Using probes at function entry/exit points works in most cases, which
is great, but some of the functions I'm interested in tracing are
declared as static and therefore the debugging information lacks some
details to access such as, for example, their parameters.
So I've considered using markers as the documentation explains, but I
cannot get them to work. Based on bug 4446, I understand that the
CONFIG_MARKERS support that is in Linux 2.6.23 is not yet supported
by SystemTap (even though I did try them), so I tried to use the
macros defined in stapmark.h as shipped by SystemTap's Git
repository. But those don't seem to work either.

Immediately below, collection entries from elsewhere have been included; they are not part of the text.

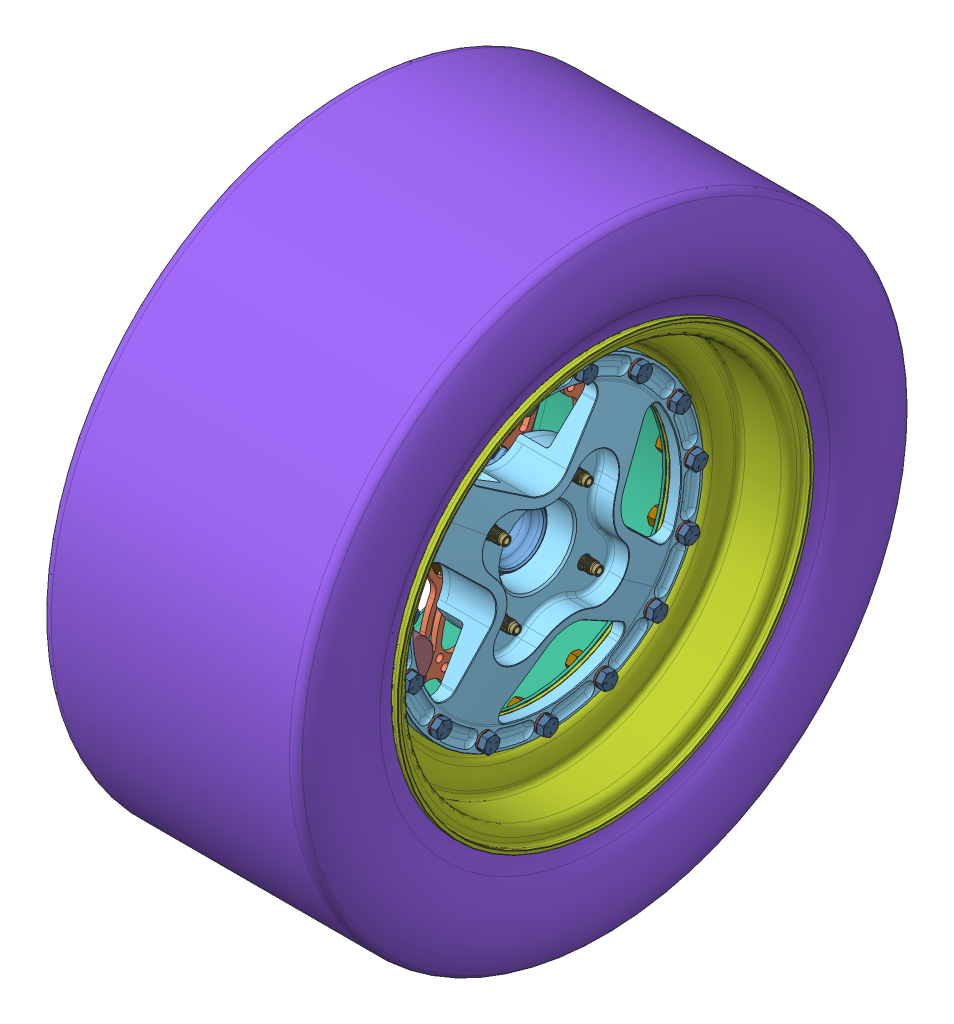
SolidWorks assembly Rear Hub Assembly, configuration Default. Lengths in mm.
Overall size (238.76 734.27 734.27).
97 component instances, 19 part files, 19 mates.
Components (placement in the parent):
- Rear Hub-1: Rear Hub [Default] at (-54.1741 65.8669 98.2203) x (1 0 0) z (0 0.614055 0.789263) size (98.29 117.35 117.35)
- Brake Rotor-1: Brake Rotor [Default] at (40.6949 65.8669 98.2203) x (0 -0.376494 0.926419) z (-1 0 0) size (227.12 227.12 4.57)
- Brake Rotor Pin-5: Brake Rotor Pin [Default] at (34.8529 100.1979 71.5105) x (1 0 0) z (0 0.524287 0.851542) size (8.93 13.97 13.97)
- Brake Rotor Snap Ring-2: Brake Rotor Snap Ring [Default] at (41.876 100.1979 71.5105) x (1 0 0) z (0 -0.608255 -0.793742) size (0.64 12.88 11.47)
- Brake Rotor Snap Ring-7: Brake Rotor Snap Ring [Default] at (41.876 59.901 55.1339) x (1 0 0) z (0 -0.991528 0.129894) size (0.64 12.88 11.47)
- Brake Rotor Snap Ring-8: Brake Rotor Snap Ring [Default] at (41.876 25.57 81.8438) x (1 0 0) z (0 -0.383273 0.923635) size (0.64 12.88 11.47)
- Brake Rotor Snap Ring-9: Brake Rotor Snap Ring [Default] at (41.876 31.5359 124.9302) x (1 0 0) z (0 0.608255 0.793742) size (0.64 12.88 11.47)
- Brake Rotor Snap Ring-10: Brake Rotor Snap Ring [Default] at (41.876 71.8328 141.3068) x (1 0 0) z (0 0.991528 -0.129894) size (0.64 12.88 11.47)
- Brake Rotor Snap Ring-11: Brake Rotor Snap Ring [Default] at (41.876 106.1638 114.5969) x (1 0 0) z (0 0.383273 -0.923635) size (0.64 12.88 11.47)
- Brake Rotor Pin-7: Brake Rotor Pin [Default] at (34.8529 59.901 55.1339) x (1 0 0) z (0 0.9996 -0.028274) size (8.93 13.97 13.97)
- Brake Rotor Pin-8: Brake Rotor Pin [Default] at (34.8529 25.57 81.8438) x (1 0 0) z (0 0.475314 -0.879816) size (8.93 13.97 13.97)
- Brake Rotor Pin-9: Brake Rotor Pin [Default] at (34.8529 31.5359 124.9302) x (1 0 0) z (0 -0.524287 -0.851542) size (8.93 13.97 13.97)
- Brake Rotor Pin-10: Brake Rotor Pin [Default] at (34.8529 71.8328 141.3068) x (1 0 0) z (0 -0.9996 0.028274) size (8.93 13.97 13.97)
- Brake Rotor Pin-11: Brake Rotor Pin [Default] at (34.8529 106.1638 114.5969) x (1 0 0) z (0 -0.475314 0.879816) size (8.93 13.97 13.97)
- Rear Wheel-1: Rear Wheel [Default] at (114.7359 65.8669 98.2203) x (0 -0.614055 -0.789263) z (1 0 0) size (523.24 523.24 238.76)
  - Rear Center-1: Rear Center [Default] at origin size (266.7 266.7 48.96)
  - Rear Inner Rim-1: Rear Inner Rim [Default] at (0 0 -31.75) x (0 0 -1) z (1 0 0) size (160.02 355.6 355.6)
  - Rear Outer Rim-1: Rear Outer Rim [Default] at (0 0 -31.75) size (355.6 355.6 62.86)
  - Rear Tire-1: Rear Tire [Default] at (0 0 -78.994) x (0 0 1) z (-1 0 0) size (238.76 523.24 523.24)
  - Steel Hex 5_16-18 Grade 5-1: Steel Hex 5_16-18 Grade 5 [95462A030] at (0 123.825 -40.0129) size (12.7 14.66 8.63)
  - Steel Hex 5_16in-18 1in Grade 5-1: Steel Hex 5_16in-18 1in Grade 5 [92865A583] at (0 123.825 -27.2574) x (0 0 -1) z (1 0 0) size (31.64 14.66 12.7)
  - 5_16 Small OD Washer-1: 5_16 Small OD Washer [Default] at (0 123.825 -19.05) x (1 0 0) z (0 -1 0) size (14.22 1.72 14.22)
  - 5_16 Small OD Washer-2: 5_16 Small OD Washer [Default] at (0 123.825 -36.6395) x (1 0 0) z (0 -1 0) size (14.22 1.72 14.22)
  - 5_16 Small OD Washer-3: 5_16 Small OD Washer [Default] at (50.3642 113.1198 -36.6395) x (0.913545 -0.406737 0) z (-0.406737 -0.913545 0) size (14.22 1.72 14.22)
  - 5_16 Small OD Washer-4: 5_16 Small OD Washer [Default] at (92.0199 82.8551 -36.6395) x (0.669131 -0.743145 0) z (-0.743145 -0.669131 0) size (14.22 1.72 14.22)
  - 5_16 Small OD Washer-5: 5_16 Small OD Washer [Default] at (117.7646 38.264 -36.6395) x (0.309017 -0.951057 0) z (-0.951057 -0.309017 0) size (14.22 1.72 14.22)
  - 5_16 Small OD Washer-6: 5_16 Small OD Washer [Default] at (123.1467 -12.9432 -36.6395) x (-0.104528 -0.994522 0) z (-0.994522 0.104528 0) size (14.22 1.72 14.22)
  - 5_16 Small OD Washer-7: 5_16 Small OD Washer [Default] at (107.2356 -61.9125 -36.6395) x (-0.5 -0.866025 0) z (-0.866025 0.5 0) size (14.22 1.72 14.22)
  - 5_16 Small OD Washer-8: 5_16 Small OD Washer [Default] at (72.7825 -100.1765 -36.6395) x (-0.809017 -0.587785 0) z (-0.587785 0.809017 0) size (14.22 1.72 14.22)
  - 5_16 Small OD Washer-9: 5_16 Small OD Washer [Default] at (25.7447 -121.1191 -36.6395) x (-0.978148 -0.207912 0) z (-0.207912 0.978148 0) size (14.22 1.72 14.22)
  - 5_16 Small OD Washer-10: 5_16 Small OD Washer [Default] at (-25.7447 -121.1191 -36.6395) x (-0.978148 0.207912 0) z (0.207912 0.978148 0) size (14.22 1.72 14.22)
  - 5_16 Small OD Washer-11: 5_16 Small OD Washer [Default] at (-72.7825 -100.1765 -36.6395) x (-0.809017 0.587785 0) z (0.587785 0.809017 0) size (14.22 1.72 14.22)
  - 5_16 Small OD Washer-12: 5_16 Small OD Washer [Default] at (-107.2356 -61.9125 -36.6395) x (-0.5 0.866025 0) z (0.866025 0.5 0) size (14.22 1.72 14.22)
  - 5_16 Small OD Washer-13: 5_16 Small OD Washer [Default] at (-123.1467 -12.9432 -36.6395) x (-0.104528 0.994522 0) z (0.994522 0.104528 0) size (14.22 1.72 14.22)
  - 5_16 Small OD Washer-14: 5_16 Small OD Washer [Default] at (-117.7646 38.264 -36.6395) x (0.309017 0.951057 0) z (0.951057 -0.309017 0) size (14.22 1.72 14.22)
  - 5_16 Small OD Washer-15: 5_16 Small OD Washer [Default] at (-92.0199 82.8551 -36.6395) x (0.669131 0.743145 0) z (0.743145 -0.669131 0) size (14.22 1.72 14.22)
  - 5_16 Small OD Washer-16: 5_16 Small OD Washer [Default] at (-50.3642 113.1198 -36.6395) x (0.913545 0.406737 0) z (0.406737 -0.913545 0) size (14.22 1.72 14.22)
  - 5_16 Small OD Washer-17: 5_16 Small OD Washer [Default] at (50.3642 113.1198 -19.05) x (0.913545 -0.406737 0) z (-0.406737 -0.913545 0) size (14.22 1.72 14.22)
  - 5_16 Small OD Washer-18: 5_16 Small OD Washer [Default] at (92.0199 82.8551 -19.05) x (0.669131 -0.743145 0) z (-0.743145 -0.669131 0) size (14.22 1.72 14.22)
  - 5_16 Small OD Washer-19: 5_16 Small OD Washer [Default] at (117.7646 38.264 -19.05) x (0.309017 -0.951057 0) z (-0.951057 -0.309017 0) size (14.22 1.72 14.22)
  - 5_16 Small OD Washer-20: 5_16 Small OD Washer [Default] at (123.1467 -12.9432 -19.05) x (-0.104528 -0.994522 0) z (-0.994522 0.104528 0) size (14.22 1.72 14.22)
  - 5_16 Small OD Washer-21: 5_16 Small OD Washer [Default] at (107.2356 -61.9125 -19.05) x (-0.5 -0.866025 0) z (-0.866025 0.5 0) size (14.22 1.72 14.22)
  - 5_16 Small OD Washer-22: 5_16 Small OD Washer [Default] at (72.7825 -100.1765 -19.05) x (-0.809017 -0.587785 0) z (-0.587785 0.809017 0) size (14.22 1.72 14.22)
  - 5_16 Small OD Washer-23: 5_16 Small OD Washer [Default] at (25.7447 -121.1191 -19.05) x (-0.978148 -0.207912 0) z (-0.207912 0.978148 0) size (14.22 1.72 14.22)
  - 5_16 Small OD Washer-24: 5_16 Small OD Washer [Default] at (-25.7447 -121.1191 -19.05) x (-0.978148 0.207912 0) z (0.207912 0.978148 0) size (14.22 1.72 14.22)
  - 5_16 Small OD Washer-25: 5_16 Small OD Washer [Default] at (-72.7825 -100.1765 -19.05) x (-0.809017 0.587785 0) z (0.587785 0.809017 0) size (14.22 1.72 14.22)
  - 5_16 Small OD Washer-26: 5_16 Small OD Washer [Default] at (-107.2356 -61.9125 -19.05) x (-0.5 0.866025 0) z (0.866025 0.5 0) size (14.22 1.72 14.22)
  - 5_16 Small OD Washer-27: 5_16 Small OD Washer [Default] at (-123.1467 -12.9432 -19.05) x (-0.104528 0.994522 0) z (0.994522 0.104528 0) size (14.22 1.72 14.22)
  - 5_16 Small OD Washer-28: 5_16 Small OD Washer [Default] at (-117.7646 38.264 -19.05) x (0.309017 0.951057 0) z (0.951057 -0.309017 0) size (14.22 1.72 14.22)
  - 5_16 Small OD Washer-29: 5_16 Small OD Washer [Default] at (-92.0199 82.8551 -19.05) x (0.669131 0.743145 0) z (0.743145 -0.669131 0) size (14.22 1.72 14.22)
  - 5_16 Small OD Washer-30: 5_16 Small OD Washer [Default] at (-50.3642 113.1198 -19.05) x (0.913545 0.406737 0) z (0.406737 -0.913545 0) size (14.22 1.72 14.22)
  - Steel Hex 5_16in-18 1in Grade 5-2: Steel Hex 5_16in-18 1in Grade 5 [92865A583] at (50.3642 113.1198 -27.2574) x (0 0 -1) z (0.913545 -0.406737 0) size (31.64 14.66 12.7)
  - Steel Hex 5_16in-18 1in Grade 5-3: Steel Hex 5_16in-18 1in Grade 5 [92865A583] at (92.0199 82.8551 -27.2574) x (0 0 -1) z (0.669131 -0.743145 0) size (31.64 14.66 12.7)
  - Steel Hex 5_16in-18 1in Grade 5-4: Steel Hex 5_16in-18 1in Grade 5 [92865A583] at (117.7646 38.264 -27.2574) x (0 0 -1) z (0.309017 -0.951057 0) size (31.64 14.66 12.7)
  - Steel Hex 5_16in-18 1in Grade 5-5: Steel Hex 5_16in-18 1in Grade 5 [92865A583] at (123.1467 -12.9432 -27.2574) x (0 0 -1) z (-0.104528 -0.994522 0) size (31.64 14.66 12.7)
  - Steel Hex 5_16in-18 1in Grade 5-6: Steel Hex 5_16in-18 1in Grade 5 [92865A583] at (107.2356 -61.9125 -27.2574) x (0 0 -1) z (-0.5 -0.866025 0) size (31.64 14.66 12.7)
  - Steel Hex 5_16in-18 1in Grade 5-7: Steel Hex 5_16in-18 1in Grade 5 [92865A583] at (72.7825 -100.1765 -27.2574) x (0 0 -1) z (-0.809017 -0.587785 0) size (31.64 14.66 12.7)
  - Steel Hex 5_16in-18 1in Grade 5-8: Steel Hex 5_16in-18 1in Grade 5 [92865A583] at (25.7447 -121.1191 -27.2574) x (0 0 -1) z (-0.978148 -0.207912 0) size (31.64 14.66 12.7)
  - Steel Hex 5_16in-18 1in Grade 5-9: Steel Hex 5_16in-18 1in Grade 5 [92865A583] at (-25.7447 -121.1191 -27.2574) x (0 0 -1) z (-0.978148 0.207912 0) size (31.64 14.66 12.7)
  - Steel Hex 5_16in-18 1in Grade 5-10: Steel Hex 5_16in-18 1in Grade 5 [92865A583] at (-72.7825 -100.1765 -27.2574) x (0 0 -1) z (-0.809017 0.587785 0) size (31.64 14.66 12.7)
  - Steel Hex 5_16in-18 1in Grade 5-11: Steel Hex 5_16in-18 1in Grade 5 [92865A583] at (-107.2356 -61.9125 -27.2574) x (0 0 -1) z (-0.5 0.866025 0) size (31.64 14.66 12.7)
  - Steel Hex 5_16in-18 1in Grade 5-12: Steel Hex 5_16in-18 1in Grade 5 [92865A583] at (-123.1467 -12.9432 -27.2574) x (0 0 -1) z (-0.104528 0.994522 0) size (31.64 14.66 12.7)
  - Steel Hex 5_16in-18 1in Grade 5-13: Steel Hex 5_16in-18 1in Grade 5 [92865A583] at (-117.7646 38.264 -27.2574) x (0 0 -1) z (0.309017 0.951057 0) size (31.64 14.66 12.7)
  - Steel Hex 5_16in-18 1in Grade 5-14: Steel Hex 5_16in-18 1in Grade 5 [92865A583] at (-92.0199 82.8551 -27.2574) x (0 0 -1) z (0.669131 0.743145 0) size (31.64 14.66 12.7)
  - Steel Hex 5_16in-18 1in Grade 5-15: Steel Hex 5_16in-18 1in Grade 5 [92865A583] at (-50.3642 113.1198 -27.2574) x (0 0 -1) z (0.913545 0.406737 0) size (31.64 14.66 12.7)
  - Steel Hex 5_16-18 Grade 5-2: Steel Hex 5_16-18 Grade 5 [95462A030] at (50.3642 113.1198 -40.0129) x (0.913545 -0.406737 0) z (0 0 1) size (12.7 14.66 8.63)
  - Steel Hex 5_16-18 Grade 5-3: Steel Hex 5_16-18 Grade 5 [95462A030] at (92.0199 82.8551 -40.0129) x (0.669131 -0.743145 0) z (0 0 1) size (12.7 14.66 8.63)
  - Steel Hex 5_16-18 Grade 5-4: Steel Hex 5_16-18 Grade 5 [95462A030] at (117.7646 38.264 -40.0129) x (0.309017 -0.951057 0) z (0 0 1) size (12.7 14.66 8.63)
  - Steel Hex 5_16-18 Grade 5-5: Steel Hex 5_16-18 Grade 5 [95462A030] at (123.1467 -12.9432 -40.0129) x (-0.104528 -0.994522 0) z (0 0 1) size (12.7 14.66 8.63)
  - Steel Hex 5_16-18 Grade 5-6: Steel Hex 5_16-18 Grade 5 [95462A030] at (107.2356 -61.9125 -40.0129) x (-0.5 -0.866025 0) z (0 0 1) size (12.7 14.66 8.63)
  - Steel Hex 5_16-18 Grade 5-7: Steel Hex 5_16-18 Grade 5 [95462A030] at (72.7825 -100.1765 -40.0129) x (-0.809017 -0.587785 0) z (0 0 1) size (12.7 14.66 8.63)
  - Steel Hex 5_16-18 Grade 5-8: Steel Hex 5_16-18 Grade 5 [95462A030] at (25.7447 -121.1191 -40.0129) x (-0.978148 -0.207912 0) z (0 0 1) size (12.7 14.66 8.63)
  - Steel Hex 5_16-18 Grade 5-9: Steel Hex 5_16-18 Grade 5 [95462A030] at (-25.7447 -121.1191 -40.0129) x (-0.978148 0.207912 0) z (0 0 1) size (12.7 14.66 8.63)
  - Steel Hex 5_16-18 Grade 5-10: Steel Hex 5_16-18 Grade 5 [95462A030] at (-72.7825 -100.1765 -40.0129) x (-0.809017 0.587785 0) z (0 0 1) size (12.7 14.66 8.63)
  - Steel Hex 5_16-18 Grade 5-11: Steel Hex 5_16-18 Grade 5 [95462A030] at (-107.2356 -61.9125 -40.0129) x (-0.5 0.866025 0) z (0 0 1) size (12.7 14.66 8.63)
  - Steel Hex 5_16-18 Grade 5-12: Steel Hex 5_16-18 Grade 5 [95462A030] at (-123.1467 -12.9432 -40.0129) x (-0.104528 0.994522 0) z (0 0 1) size (12.7 14.66 8.63)
  - Steel Hex 5_16-18 Grade 5-13: Steel Hex 5_16-18 Grade 5 [95462A030] at (-117.7646 38.264 -40.0129) x (0.309017 0.951057 0) z (0 0 1) size (12.7 14.66 8.63)
  - Steel Hex 5_16-18 Grade 5-14: Steel Hex 5_16-18 Grade 5 [95462A030] at (-92.0199 82.8551 -40.0129) x (0.669131 0.743145 0) z (0 0 1) size (12.7 14.66 8.63)
  - Steel Hex 5_16-18 Grade 5-15: Steel Hex 5_16-18 Grade 5 [95462A030] at (-50.3642 113.1198 -40.0129) x (0.913545 0.406737 0) z (0 0 1) size (12.7 14.66 8.63)
- Titanium Stud-1: Titanium Stud [Default] at (50.2834 105.3301 67.5176) x (1 0 0) z (0 0.614055 0.789263) size (50.8 12.7 12.7)
- Titanium Stud-2: Titanium Stud [Default] at (50.2834 35.1642 58.7573) x (1 0 0) z (0 0.789263 -0.614055) size (50.8 12.7 12.7)
- Titanium Stud-3: Titanium Stud [Default] at (50.2834 26.4038 128.9231) x (1 0 0) z (0 -0.614055 -0.789263) size (50.8 12.7 12.7)
- Titanium Stud-4: Titanium Stud [Default] at (50.2834 96.5697 137.6835) x (1 0 0) z (0 -0.789263 0.614055) size (50.8 12.7 12.7)
- Brake Caliper-2: Brake Caliper [Default] at (17.0994 -0.3856 162.6551) x (0 -0.854037 -0.520212) z (-1 0 0) size (101.75 67.09 67.01)
  - Brake Caliper Frame-1: Brake Caliper Frame [Default] at origin size (101.75 67.09 67.01)
  - Brake Pad-1: Brake Pad [Default] at (-23.5554 37.6919 -13.7004) x (0.999992 0.003877 0) z (0 0 1) size (67.93 44.48 7.61)
  - Brake Pad-2: Brake Pad [Default] at (-23.5554 37.6919 -29.2996) x (-0.999992 -0.003877 0) z (0 0 -1) size (67.93 44.48 7.61)
  - Brake Pin-1: Brake Pin [Default] at (-23.5554 37.6919 -26.0423) x (0 0 1) z (0.999547 0.030097 0) size (39.8 8.85 8.85)
- Rear Upright Bearing-1: Rear Upright Bearing [Default] at (13.7709 65.8669 98.2203) x (1 0 0) z (0 -0.168851 0.985642) size (19.05 116.17 118.54) (flexible)
  - Rear Cup-1: Rear Cup [Default] at origin size (15.08 94.46 94.46)
  - Rear Cone-1: Rear Cone [Default] x (1 0 0) z (0 -0.643649 -0.765321) size (19.05 79.33 79.33)
  - Rear Rollers-1: Rear Rollers [Default] x (1 0 0) z (0 -0.643649 -0.765321) size (15.2 88.88 88.79)
- Rear Upright Bearing-2: Rear Upright Bearing [Default] at (-19.2735 65.8669 98.2203) x (-1 0 0) z (0 0.184171 -0.982894) size (19.05 115.65 118.97) (flexible)
  - Rear Cup-1: Rear Cup [Default] at origin size (15.08 94.46 94.46)
  - Rear Cone-1: Rear Cone [Default] x (1 0 0) z (0 0.713655 0.700497) size (19.05 79.33 79.33)
  - Rear Rollers-1: Rear Rollers [Default] x (1 0 0) z (0 0.713655 0.700497) size (15.2 88.88 88.79)
- Rear Hub Nut-2: Rear Hub Nut [Default] at (-51.0235 65.8669 98.2203) x (1 0 0) z (0 0.614055 0.789263) size (14.61 79.38 79.38)
Mates (geometry in assembly coordinates):
- Concentric1: concentric aligned: cylinder of Rear Hub-1 through (46.9179 100.1979 71.5105) axis (-1 0 0) radius 5.3975; cylinder of Brake Rotor Pin-5 through (34.8529 100.1979 71.5105) axis (-1 0 0) radius 5.3721
- Concentric2: concentric aligned: cylinder of Brake Rotor Snap Ring-2 through (42.1935 100.1979 71.5105) axis (-1 0 0) radius 4.6482; cylinder of Brake Rotor Pin-5 through (34.8529 100.1979 71.5105) axis (-1 0 0) radius 4.8514
- Coincident1: coincident anti-aligned: plane of Brake Rotor Snap Ring-2 through (42.1935 100.1979 71.5105) normal (1 0 0); plane of Brake Rotor Pin-5 through (42.1935 104.329 68.9669) normal (-1 0 0)
- Concentric3: concentric anti-aligned: cylinder of Brake Rotor-1 through (36.1229 106.1638 114.5969) axis (1 0 0) radius 5.4356; cylinder of Brake Rotor Pin-11 through (34.8529 106.1638 114.5969) axis (-1 0 0) radius 5.3721
- Concentric4: concentric anti-aligned: cylinder of Brake Rotor-1 through (36.1229 100.1979 71.5105) axis (1 0 0) radius 5.4356; cylinder of Brake Rotor Pin-5 through (34.8529 100.1979 71.5105) axis (-1 0 0) radius 5.3721
- Concentric5: concentric anti-aligned: cylinder of Titanium Stud-1 through (50.2834 105.3301 67.5176) axis (-1 0 0) radius 3.81; cylinder of Rear Hub-1 through (49.3309 105.3301 67.5176) axis (1 0 0) radius 5.08
- Coincident2: coincident anti-aligned: plane of Rear Hub-1 through (51.8709 87.9189 81.0636) normal (-1 0 0); plane of Titanium Stud-1 through (51.8709 110.3419 63.6183) normal (1 0 0)
- Coincident3: coincident anti-aligned: plane of Rear Hub-1 through (60.1259 112.1761 62.1913) normal (1 0 0); plane of Rear Wheel-1/Rear Center-1 through (60.1259 65.8669 98.2203) normal (-1 0 0)
- Concentric6: concentric aligned: cylinder of Rear Hub-1 through (-54.1741 65.8669 98.2203) axis (-1 0 0) radius 31.75; cylinder of Rear Wheel-1/Rear Tire-1 through (12.5631 65.8669 98.2203) axis (-1 0 0) radius 261.62
- Concentric7: concentric aligned: cylinder of Rear Wheel-1/Rear Center-1 through (108.8656 35.1642 58.7573) axis (-1 0 0) radius 5.08; cylinder of Titanium Stud-2 through (50.2834 35.1642 58.7573) axis (-1 0 0) radius 2.3813
- Coincident6: coincident anti-aligned: plane of Rear Hub-1; plane of Brake Caliper-2/Brake Caliper Frame-1 through (38.5994 -0.3856 162.6551) normal (1 0 0)
- Concentric8: concentric aligned: circle of Brake Rotor-1; circle of Brake Caliper-2/Brake Pad-1
- Concentric9: concentric aligned: cylinder of Rear Hub-1 through (-54.1741 65.8669 98.2203) axis (-1 0 0) radius 31.75; cylinder of Rear Upright Bearing-1/Rear Cone-1 through (31.2969 65.8669 98.2203) axis (-1 0 0) radius 31.75
- Concentric10: concentric anti-aligned: cylinder of Rear Hub-1 through (-54.1741 65.8669 98.2203) axis (-1 0 0) radius 31.75; cylinder of ? through (-36.7995 65.8669 98.2203) axis (1 0 0) radius 31.75
- Coincident8: coincident anti-aligned: plane of Rear Hub-1 through (32.8209 92.1288 77.7883) normal (-1 0 0); plane of Rear Upright Bearing-1/Rear Cone-1 through (32.8209 47.4428 66.7461) normal (1 0 0)
- Concentric13: concentric anti-aligned: cylinder of Rear Hub-1 through (-54.1741 65.8669 98.2203) axis (-1 0 0) radius 31.75; circle of Rear Hub Nut-2
- Coincident9: coincident anti-aligned: plane of ? through (-38.3235 96.1539 77.9035) normal (-1 0 0); plane of Rear Hub Nut-2 through (-38.3235 97.1908 73.85) normal (1 0 0)
- Coincident10: coincident anti-aligned: plane of Rear Hub-1 through (36.1229 94.6849 75.7996) normal (-1 0 0); plane of Brake Rotor Pin-5 through (36.1229 106.1459 67.8483) normal (1 0 0)
- Coincident12: coincident anti-aligned: plane of Brake Rotor-1 through (36.1229 65.8669 98.2203) normal (-1 0 0); plane of Brake Rotor Pin-5 through (36.1229 106.1459 67.8483) normal (1 0 0)

Here is what I added in the probe's point:
trace_mark(spufs_bind_context_new, "spu %d ctx %p", spu->number, ctx);
STAP_MARK_NN(spufs_bind_context_old, (int64_t)spu->number, (int64_t)
ctx);
And here is my test stp file:
probe test.new = kernel.mark("spufs_bind_context_new") { name = "new" }
probe test.old = kernel.mark("spufs_bind_context_old") { name = "old" }
probe test.* { log("marker ".name." hit") }
But then, when running stap on this script, none of the two markers
can be found.
Am I doing something incorrectly? Do I have to apply some kind of
unofficial patch to either the kernel or systemtap?
Thanks, and kudos for this great tool!